BEGIN Records shown

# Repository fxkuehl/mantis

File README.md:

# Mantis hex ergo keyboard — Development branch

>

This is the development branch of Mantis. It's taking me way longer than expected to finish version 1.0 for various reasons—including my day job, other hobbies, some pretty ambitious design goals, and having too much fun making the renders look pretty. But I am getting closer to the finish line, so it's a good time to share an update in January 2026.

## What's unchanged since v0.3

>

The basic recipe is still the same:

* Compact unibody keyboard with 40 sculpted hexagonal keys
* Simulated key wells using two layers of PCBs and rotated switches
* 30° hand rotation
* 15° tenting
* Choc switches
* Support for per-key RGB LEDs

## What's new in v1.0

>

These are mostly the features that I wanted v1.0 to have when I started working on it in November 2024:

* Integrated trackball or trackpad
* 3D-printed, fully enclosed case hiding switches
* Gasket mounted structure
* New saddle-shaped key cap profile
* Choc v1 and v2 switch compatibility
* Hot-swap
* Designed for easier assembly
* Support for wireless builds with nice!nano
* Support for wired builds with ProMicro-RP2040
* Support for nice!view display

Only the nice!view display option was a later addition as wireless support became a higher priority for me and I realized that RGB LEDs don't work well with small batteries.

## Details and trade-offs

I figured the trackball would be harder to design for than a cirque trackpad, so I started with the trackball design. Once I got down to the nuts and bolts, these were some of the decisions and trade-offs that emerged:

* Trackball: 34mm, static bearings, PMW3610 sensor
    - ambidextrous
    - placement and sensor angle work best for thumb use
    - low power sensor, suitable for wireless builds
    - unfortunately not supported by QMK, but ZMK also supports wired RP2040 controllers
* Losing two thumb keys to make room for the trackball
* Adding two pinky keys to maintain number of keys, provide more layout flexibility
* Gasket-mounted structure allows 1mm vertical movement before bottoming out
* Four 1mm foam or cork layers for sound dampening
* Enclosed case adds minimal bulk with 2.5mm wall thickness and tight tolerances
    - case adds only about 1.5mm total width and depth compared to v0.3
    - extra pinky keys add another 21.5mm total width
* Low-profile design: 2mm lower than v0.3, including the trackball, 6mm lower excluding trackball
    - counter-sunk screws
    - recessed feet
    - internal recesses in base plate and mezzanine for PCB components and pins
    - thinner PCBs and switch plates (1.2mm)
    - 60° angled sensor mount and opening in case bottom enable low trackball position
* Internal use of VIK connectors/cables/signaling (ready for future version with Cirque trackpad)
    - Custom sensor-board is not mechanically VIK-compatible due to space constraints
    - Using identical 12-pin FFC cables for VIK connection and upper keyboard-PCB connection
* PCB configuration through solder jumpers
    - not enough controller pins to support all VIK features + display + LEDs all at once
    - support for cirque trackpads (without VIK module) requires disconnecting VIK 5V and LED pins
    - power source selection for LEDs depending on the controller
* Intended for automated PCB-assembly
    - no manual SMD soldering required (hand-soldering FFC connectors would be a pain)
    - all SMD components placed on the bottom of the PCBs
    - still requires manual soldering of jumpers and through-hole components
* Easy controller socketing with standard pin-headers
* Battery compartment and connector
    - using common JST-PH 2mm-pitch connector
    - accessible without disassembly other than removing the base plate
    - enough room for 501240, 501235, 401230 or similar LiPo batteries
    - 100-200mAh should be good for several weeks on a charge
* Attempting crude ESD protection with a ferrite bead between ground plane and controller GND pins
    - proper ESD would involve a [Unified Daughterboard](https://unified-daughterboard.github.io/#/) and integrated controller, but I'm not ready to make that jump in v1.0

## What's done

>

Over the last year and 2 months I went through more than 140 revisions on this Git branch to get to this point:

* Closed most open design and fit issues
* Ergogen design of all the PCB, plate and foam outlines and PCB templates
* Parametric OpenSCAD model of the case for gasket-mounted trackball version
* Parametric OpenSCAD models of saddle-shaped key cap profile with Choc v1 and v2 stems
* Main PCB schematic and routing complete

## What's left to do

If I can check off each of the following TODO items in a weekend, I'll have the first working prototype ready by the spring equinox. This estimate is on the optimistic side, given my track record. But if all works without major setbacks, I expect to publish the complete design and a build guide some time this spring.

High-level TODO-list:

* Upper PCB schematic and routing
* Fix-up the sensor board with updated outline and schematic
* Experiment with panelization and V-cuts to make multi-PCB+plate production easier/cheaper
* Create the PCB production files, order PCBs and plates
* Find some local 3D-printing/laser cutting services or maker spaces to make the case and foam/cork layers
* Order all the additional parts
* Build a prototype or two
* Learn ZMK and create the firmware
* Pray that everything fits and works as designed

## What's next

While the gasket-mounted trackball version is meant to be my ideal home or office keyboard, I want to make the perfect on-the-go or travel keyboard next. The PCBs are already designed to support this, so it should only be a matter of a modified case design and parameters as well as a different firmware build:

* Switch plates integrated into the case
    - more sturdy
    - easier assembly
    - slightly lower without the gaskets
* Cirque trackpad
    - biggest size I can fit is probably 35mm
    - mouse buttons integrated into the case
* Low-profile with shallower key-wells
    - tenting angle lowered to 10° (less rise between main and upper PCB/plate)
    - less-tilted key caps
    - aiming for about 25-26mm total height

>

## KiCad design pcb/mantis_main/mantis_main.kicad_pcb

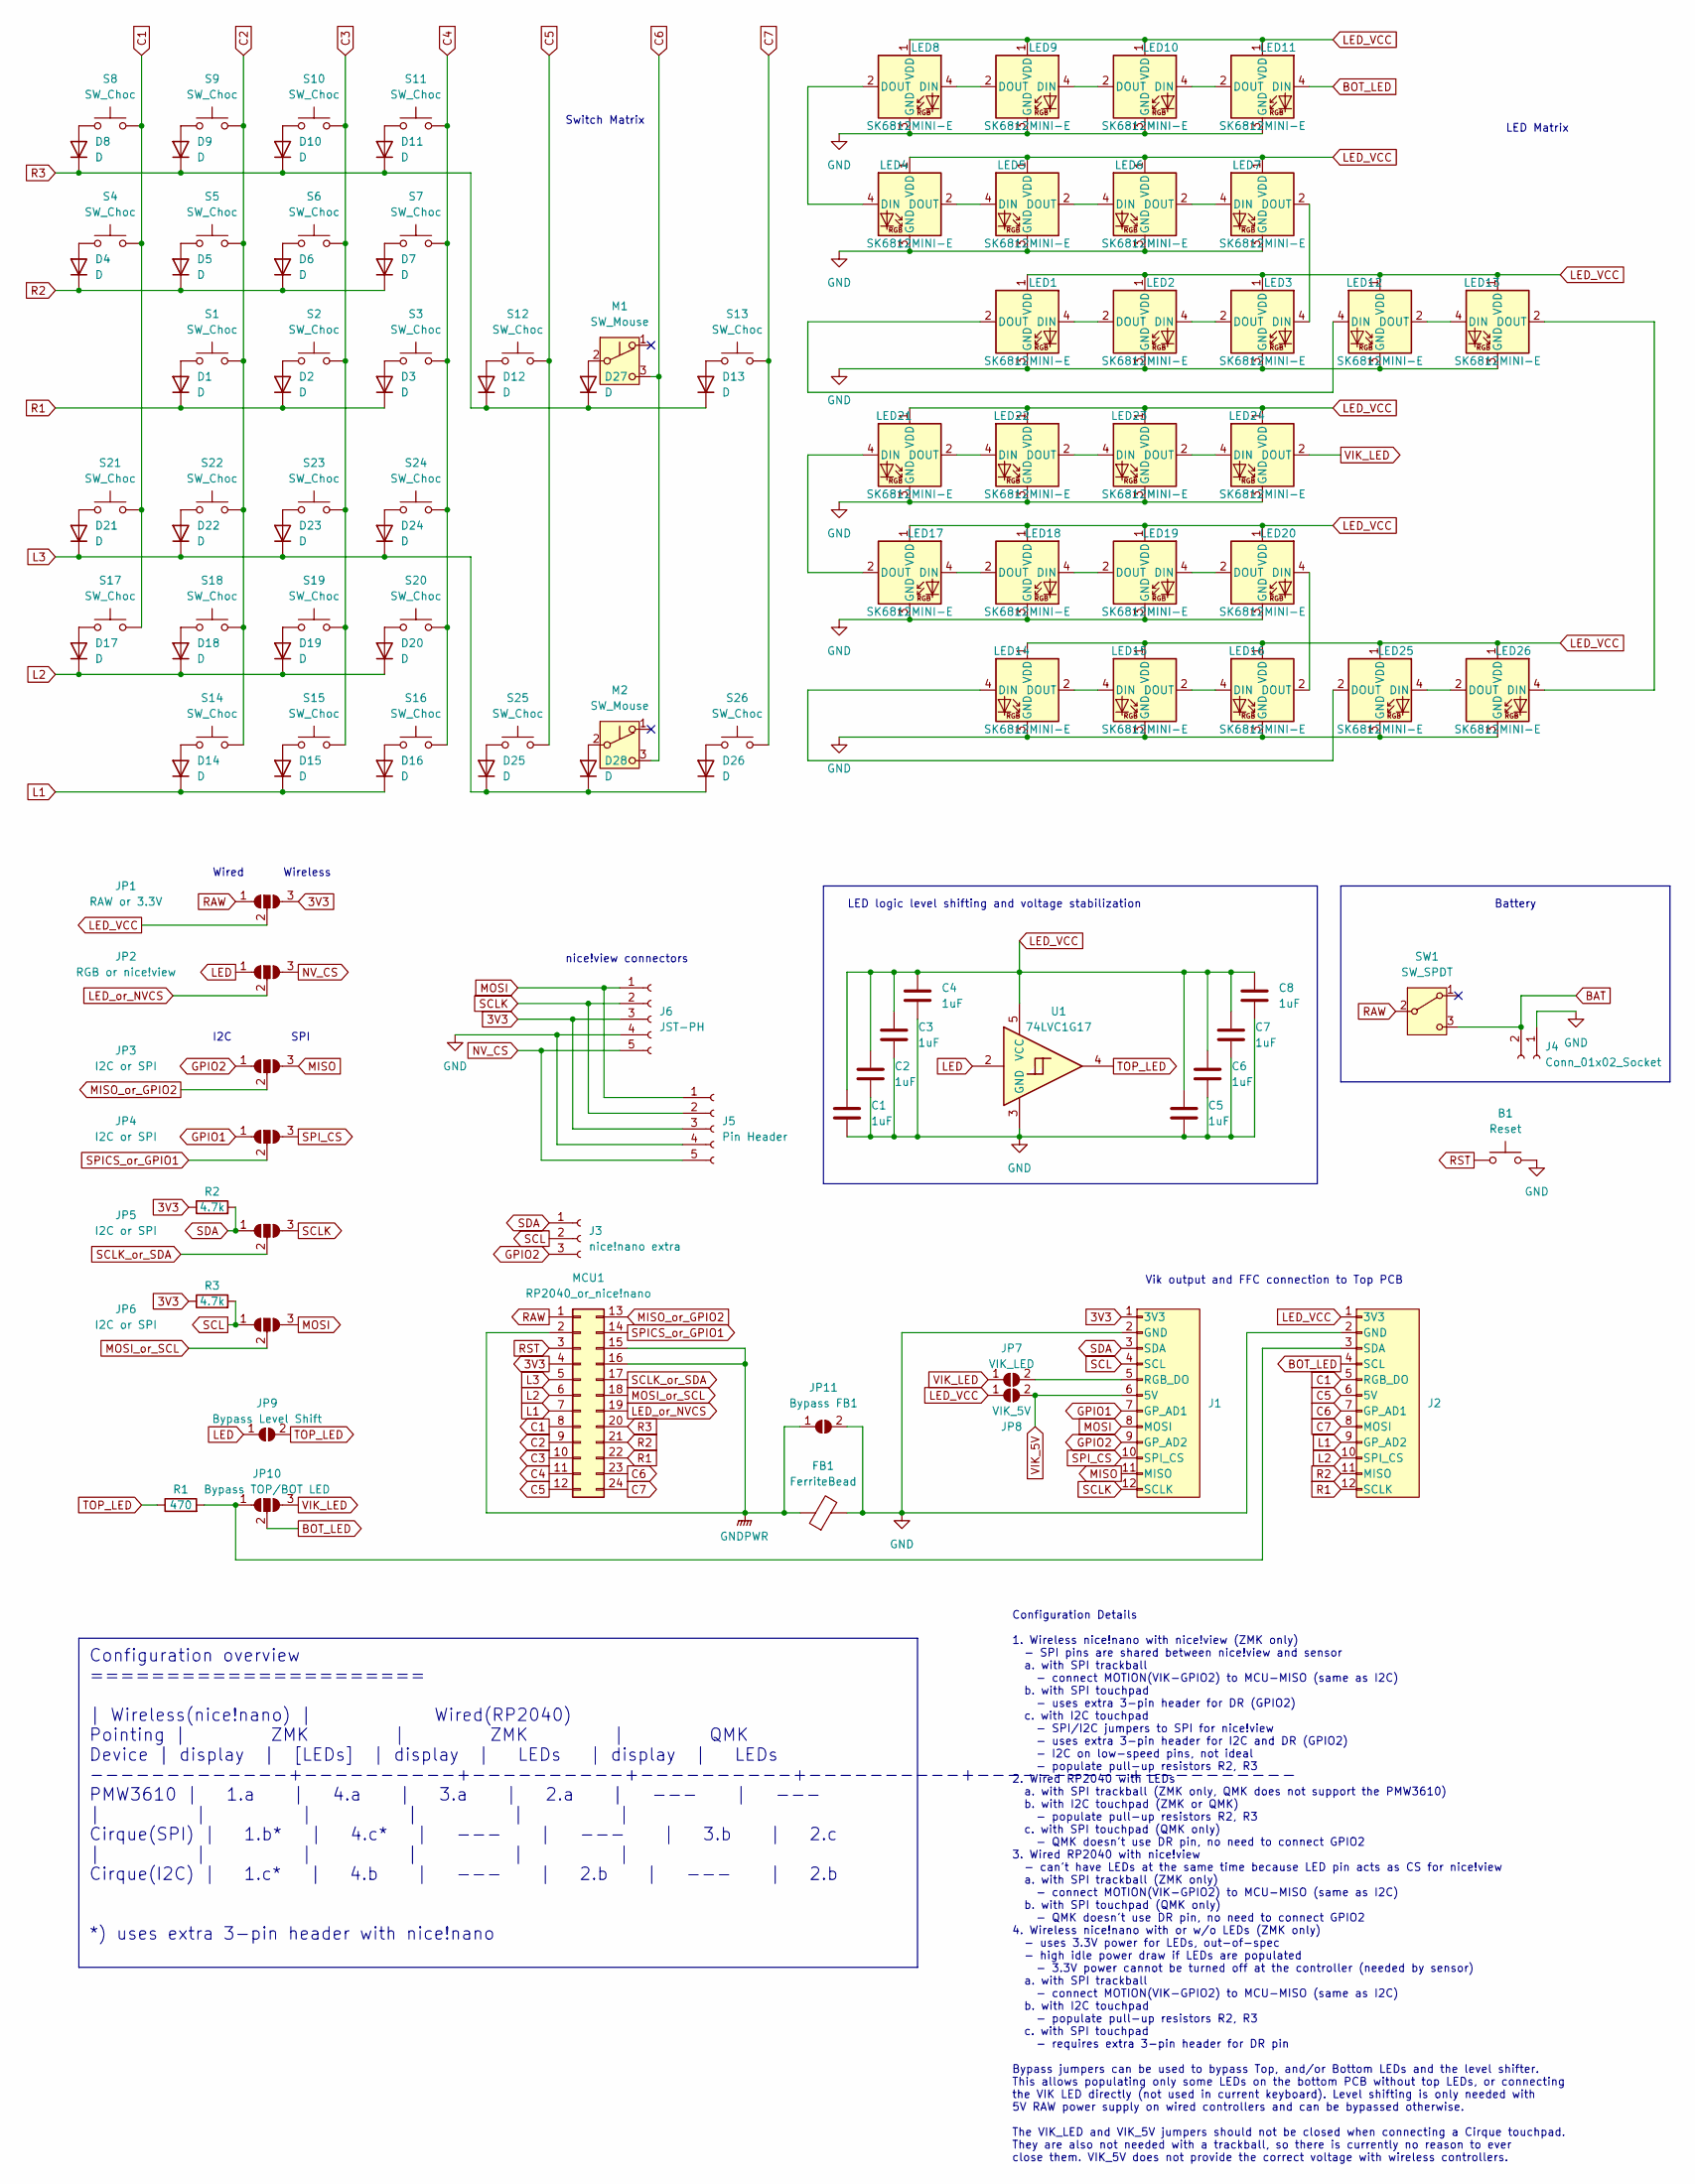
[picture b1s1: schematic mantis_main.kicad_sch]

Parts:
B1: Reset; SW_SPST_SKQG_WithoutStem
C1, C2, C3, C4, C5, C6, C7, C8: 1uF; C_0603_1608Metric
D1, D2, D3, D4, D5, D6, D7, D8, D9, D10, D11, D12, D13, D14, D15, D16, D17, D18, D19, D20, D21, D22, D23, D24, D25, D26, D27, D28: D; D_SOD-123
FB1: FerriteBead; C_0805_2012Metric
J1, J2: vik-keyboard-connector-horizontal
J3: nice!nano extra; PinSocket_1x03_P2.54mm_Vertical
J4: Conn_01x02_Socket; JST_PH_S2B-PH-K_1x02_P2.00mm_Horizontal
J5: Pin Header; PinSocket_1x05_P2.54mm_Vertical
J6: JST-PH; JST_PH_S5B-PH-K_1x05_P2.00mm_Horizontal
JP1: RAW or 3.3V; SolderJumper-3_P1.3mm_Open_RoundedPad1.0x1.5mm
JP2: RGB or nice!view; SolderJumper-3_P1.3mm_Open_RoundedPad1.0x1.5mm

END Records shown

**Assignment**
Print exactly the lines above, between the one holding "compartment and connector" and the one holding "- enough room", inclusive, and nothing besides.

**Response**
* Battery compartment and connector
    - using common JST-PH 2mm-pitch connector
    - accessible without disassembly other than removing the base plate
    - enough room for 501240, 501235, 401230 or similar LiPo batteries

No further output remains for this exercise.